In the last block, y_test is incorrect as ols.model contains the orginal
fitted values. I've specifically transformed endog in the example to show
why it's important to access the predicted endog rather than use
test_data.demand, but it's also important if ols.predict() drops any rows
i.e. due to NA's

In R for example predict() returns a predict object containing the endog /
exog and fitted values using the original data and predict(newdata) updates
endog / exog and fitted. Is there some way of doing this with statsmodel?

Regards
David

j***@gmail.com

2018-11-15 00:16:58 UTC

Permalink

Post by d***@cimenviro.com
Hi
I'm an R user moving to python so I've been learning the statsmodel api.
I'm having difficulty accessing the endog data after doing a prediction
i.e.
ols = smf.ols("np.log(demand) ~ temperature", data=train_data).fit()
y_train_pred = ols.predict(train_data)
y_train = ols.model.endog
print('train error (rmse): \n', np.round(np.sqrt(ols.mse_resid), 2))
y_test_pred = ols.predict(test_data)
y_test = ols.model.endog
print('test error (rmse): \n',
np.round(np.sqrt(smt.eval_measures.mse(y_test, y_test_pred)), 2))
In the last block, y_test is incorrect as ols.model contains the orginal
fitted values. I've specifically transformed endog in the example to show
why it's important to access the predicted endog rather than use
test_data.demand, but it's also important if ols.predict() drops any rows
i.e. due to NA's
In R for example predict() returns a predict object containing the endog /
exog and fitted values using the original data and predict(newdata) updates
endog / exog and fitted.
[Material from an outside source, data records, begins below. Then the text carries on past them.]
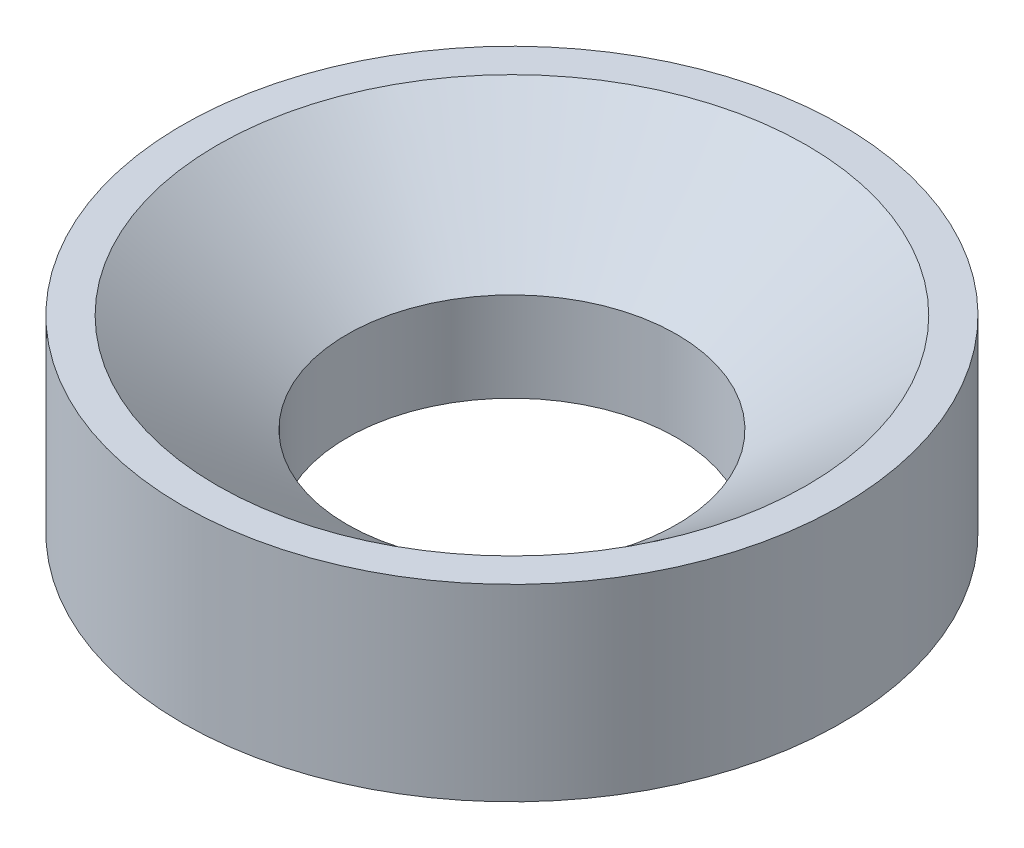
ISO-10303-21;
HEADER;
FILE_DESCRIPTION(('STEP AP214'),'2;1');
FILE_NAME('part.step','',(''),(''),'','','');
FILE_SCHEMA(('AUTOMOTIVE_DESIGN { 1 0 10303 214 1 1 1 1 }'));
ENDSEC;
DATA;
#1=APPLICATION_CONTEXT('core data for automotive mechanical design processes');
#2=APPLICATION_PROTOCOL_DEFINITION('international standard','automotive_design',2000,#1);
#3=PRODUCT_CONTEXT('',#1,'mechanical');
#4=PRODUCT('Part','Part','',(#3));
#5=PRODUCT_RELATED_PRODUCT_CATEGORY('part','',(#4));
#6=PRODUCT_DEFINITION_FORMATION('','',#4);
#7=PRODUCT_DEFINITION_CONTEXT('part definition',#1,'design');
#8=PRODUCT_DEFINITION('design','',#6,#7);
#9=PRODUCT_DEFINITION_SHAPE('','',#8);
#10=(LENGTH_UNIT() NAMED_UNIT(*) SI_UNIT(.MILLI.,.METRE.));
#11=(NAMED_UNIT(*) PLANE_ANGLE_UNIT() SI_UNIT($,.RADIAN.));
#12=(NAMED_UNIT(*) SI_UNIT($,.STERADIAN.) SOLID_ANGLE_UNIT());
#13=UNCERTAINTY_MEASURE_WITH_UNIT(LENGTH_MEASURE(1.E-05),#10,'distance_accuracy_value','');
#14=(GEOMETRIC_REPRESENTATION_CONTEXT(3) GLOBAL_UNCERTAINTY_ASSIGNED_CONTEXT((#13)) GLOBAL_UNIT_ASSIGNED_CONTEXT((#10,
#11,#12)) REPRESENTATION_CONTEXT('',''));
#15=CARTESIAN_POINT('',(0.,0.,0.));
#16=DIRECTION('',(0.,0.,1.));
#17=DIRECTION('',(1.,0.,0.));
#18=AXIS2_PLACEMENT_3D('',#15,#16,#17);
#19=CARTESIAN_POINT('',(44.45,0.,0.));
#20=DIRECTION('',(0.,1.,0.));
#21=DIRECTION('',(0.,0.,1.));
#22=AXIS2_PLACEMENT_3D('',#19,#20,#21);
#23=PLANE('',#22);
#24=CARTESIAN_POINT('',(0.,0.,0.));
#25=DIRECTION('',(0.,1.,0.));
#26=DIRECTION('',(0.,0.,1.));
#27=AXIS2_PLACEMENT_3D('',#24,#25,#26);
#28=CIRCLE('',#27,88.9);
#29=CARTESIAN_POINT('',(0.,0.,88.9));
#30=VERTEX_POINT('',#29);
#31=EDGE_CURVE('E10',#30,#30,#28,.T.);
#32=ORIENTED_EDGE('',*,*,#31,.F.);
#33=EDGE_LOOP('',(#32));
#34=FACE_BOUND('',#33,.T.);
#35=CARTESIAN_POINT('',(0.,0.,0.));
#36=DIRECTION('',(0.,1.,0.));
#37=DIRECTION('',(0.,0.,1.));
#38=AXIS2_PLACEMENT_3D('',#35,#36,#37);
#39=CIRCLE('',#38,44.45);
#40=CARTESIAN_POINT('',(0.,0.,44.45));
#41=VERTEX_POINT('',#40);
#42=EDGE_CURVE('E50',#41,#41,#39,.T.);
#43=ORIENTED_EDGE('',*,*,#42,.T.);
#44=EDGE_LOOP('',(#43));
#45=FACE_BOUND('',#44,.T.);
#46=ADVANCED_FACE('F31',(#34,#45),#23,.F.);
#47=CARTESIAN_POINT('',(0.,44.6684275184275,0.));
#48=DIRECTION('',(0.,1.,0.));
#49=DIRECTION('',(0.,0.,1.));
#50=AXIS2_PLACEMENT_3D('',#47,#48,#49);
#51=CYLINDRICAL_SURFACE('',#50,88.9);
#52=CARTESIAN_POINT('',(0.,50.8,0.));
#53=DIRECTION('',(0.,1.,0.));
#54=DIRECTION('',(0.,0.,1.));
#55=AXIS2_PLACEMENT_3D('',#52,#53,#54);
#56=CIRCLE('',#55,88.9);
#57=CARTESIAN_POINT('',(0.,50.8,88.9));
#58=VERTEX_POINT('',#57);
#59=EDGE_CURVE('E37',#58,#58,#56,.T.);
#60=ORIENTED_EDGE('',*,*,#59,.F.);
#61=EDGE_LOOP('',(#60));
#62=FACE_BOUND('',#61,.T.);
#63=ORIENTED_EDGE('',*,*,#31,.T.);
#64=EDGE_LOOP('',(#63));
#65=FACE_BOUND('',#64,.T.);
#66=ADVANCED_FACE('F69',(#62,#65),#51,.T.);
#67=CARTESIAN_POINT('',(79.5076167076167,50.8,0.));
#68=DIRECTION('',(0.,-1.,0.));
#69=DIRECTION('',(0.,0.,-1.));
#70=AXIS2_PLACEMENT_3D('',#67,#68,#69);
#71=PLANE('',#70);
#72=CARTESIAN_POINT('',(0.,50.8,0.));
#73=DIRECTION('',(0.,1.,0.));
#74=DIRECTION('',(0.,0.,1.));
#75=AXIS2_PLACEMENT_3D('',#72,#73,#74);
#76=CIRCLE('',#75,79.5076167076167);
#77=CARTESIAN_POINT('',(0.,50.8,79.5076167076167));
#78=VERTEX_POINT('',#77);
#79=EDGE_CURVE('E41',#78,#78,#76,.T.);
#80=ORIENTED_EDGE('',*,*,#79,.F.);
#81=EDGE_LOOP('',(#80));
#82=FACE_BOUND('',#81,.T.);
#83=ORIENTED_EDGE('',*,*,#59,.T.);
#84=EDGE_LOOP('',(#83));
#85=FACE_BOUND('',#84,.T.);
#86=ADVANCED_FACE('F64',(#82,#85),#71,.F.);
#87=CARTESIAN_POINT('',(0.,50.8,0.));
#88=DIRECTION('',(0.,1.,0.));
#89=DIRECTION('',(0.,0.,1.));
#90=AXIS2_PLACEMENT_3D('',#87,#88,#89);
#91=CONICAL_SURFACE('',#90,79.5076167076167,0.920564891003304);
#92=CARTESIAN_POINT('',(0.,24.1362407862408,0.));
#93=DIRECTION('',(0.,1.,0.));
#94=DIRECTION('',(0.,0.,1.));
#95=AXIS2_PLACEMENT_3D('',#92,#93,#94);
#96=CIRCLE('',#95,44.45);
#97=CARTESIAN_POINT('',(0.,24.1362407862408,44.45));
#98=VERTEX_POINT('',#97);
#99=EDGE_CURVE('E45',#98,#98,#96,.T.);
#100=ORIENTED_EDGE('',*,*,#99,.F.);
#101=EDGE_LOOP('',(#100));
#102=FACE_BOUND('',#101,.T.);
#103=ORIENTED_EDGE('',*,*,#79,.T.);
#104=EDGE_LOOP('',(#103));
#105=FACE_BOUND('',#104,.T.);
#106=ADVANCED_FACE('F58',(#102,#105),#91,.F.);
#107=CARTESIAN_POINT('',(0.,44.6684275184275,0.));
#108=DIRECTION('',(0.,1.,0.));
#109=DIRECTION('',(0.,0.,1.));
#110=AXIS2_PLACEMENT_3D('',#107,#108,#109);
#111=CYLINDRICAL_SURFACE('',#110,44.45);
#112=ORIENTED_EDGE('',*,*,#42,.F.);
#113=EDGE_LOOP('',(#112));
#114=FACE_BOUND('',#113,.T.);
#115=ORIENTED_EDGE('',*,*,#99,.T.);
#116=EDGE_LOOP('',(#115));
#117=FACE_BOUND('',#116,.T.);
#118=ADVANCED_FACE('F55',(#114,#117),#111,.F.);
#119=CLOSED_SHELL('',(#46,#66,#86,#106,#118));
#120=MANIFOLD_SOLID_BREP('B2',#119);
#121=ADVANCED_BREP_SHAPE_REPRESENTATION('',(#18,#120),#14);
#122=SHAPE_DEFINITION_REPRESENTATION(#9,#121);
ENDSEC;
END-ISO-10303-21;

Is there some way of doing this with statsmodel?

If I understand correctly, and I never looked how R handles your last
question:

statsmodels currently has no general support for endog transformations,
except in a few models where the model itself does the transformation.
The models receive the processed endog and exog from patsy when the formula
interface is used. We reuse patsy for the exog transformation in predict,
but predict does not know anything about what the corresponding observed
endog would be, given that new data is not in the training data.

Also statsmodels never updates the training endog and exog to include new
observations. (Exceptions to this might be in some time series models that
allow updating and extending the dataset.)

Given that there is no specific support for endog transformation, the
easiest that is usually done, is that the user creates a new variable e.g.
log_demand, or log_price, and use that as a regular variable, and transform
train and test data before splitting or use the same transformation.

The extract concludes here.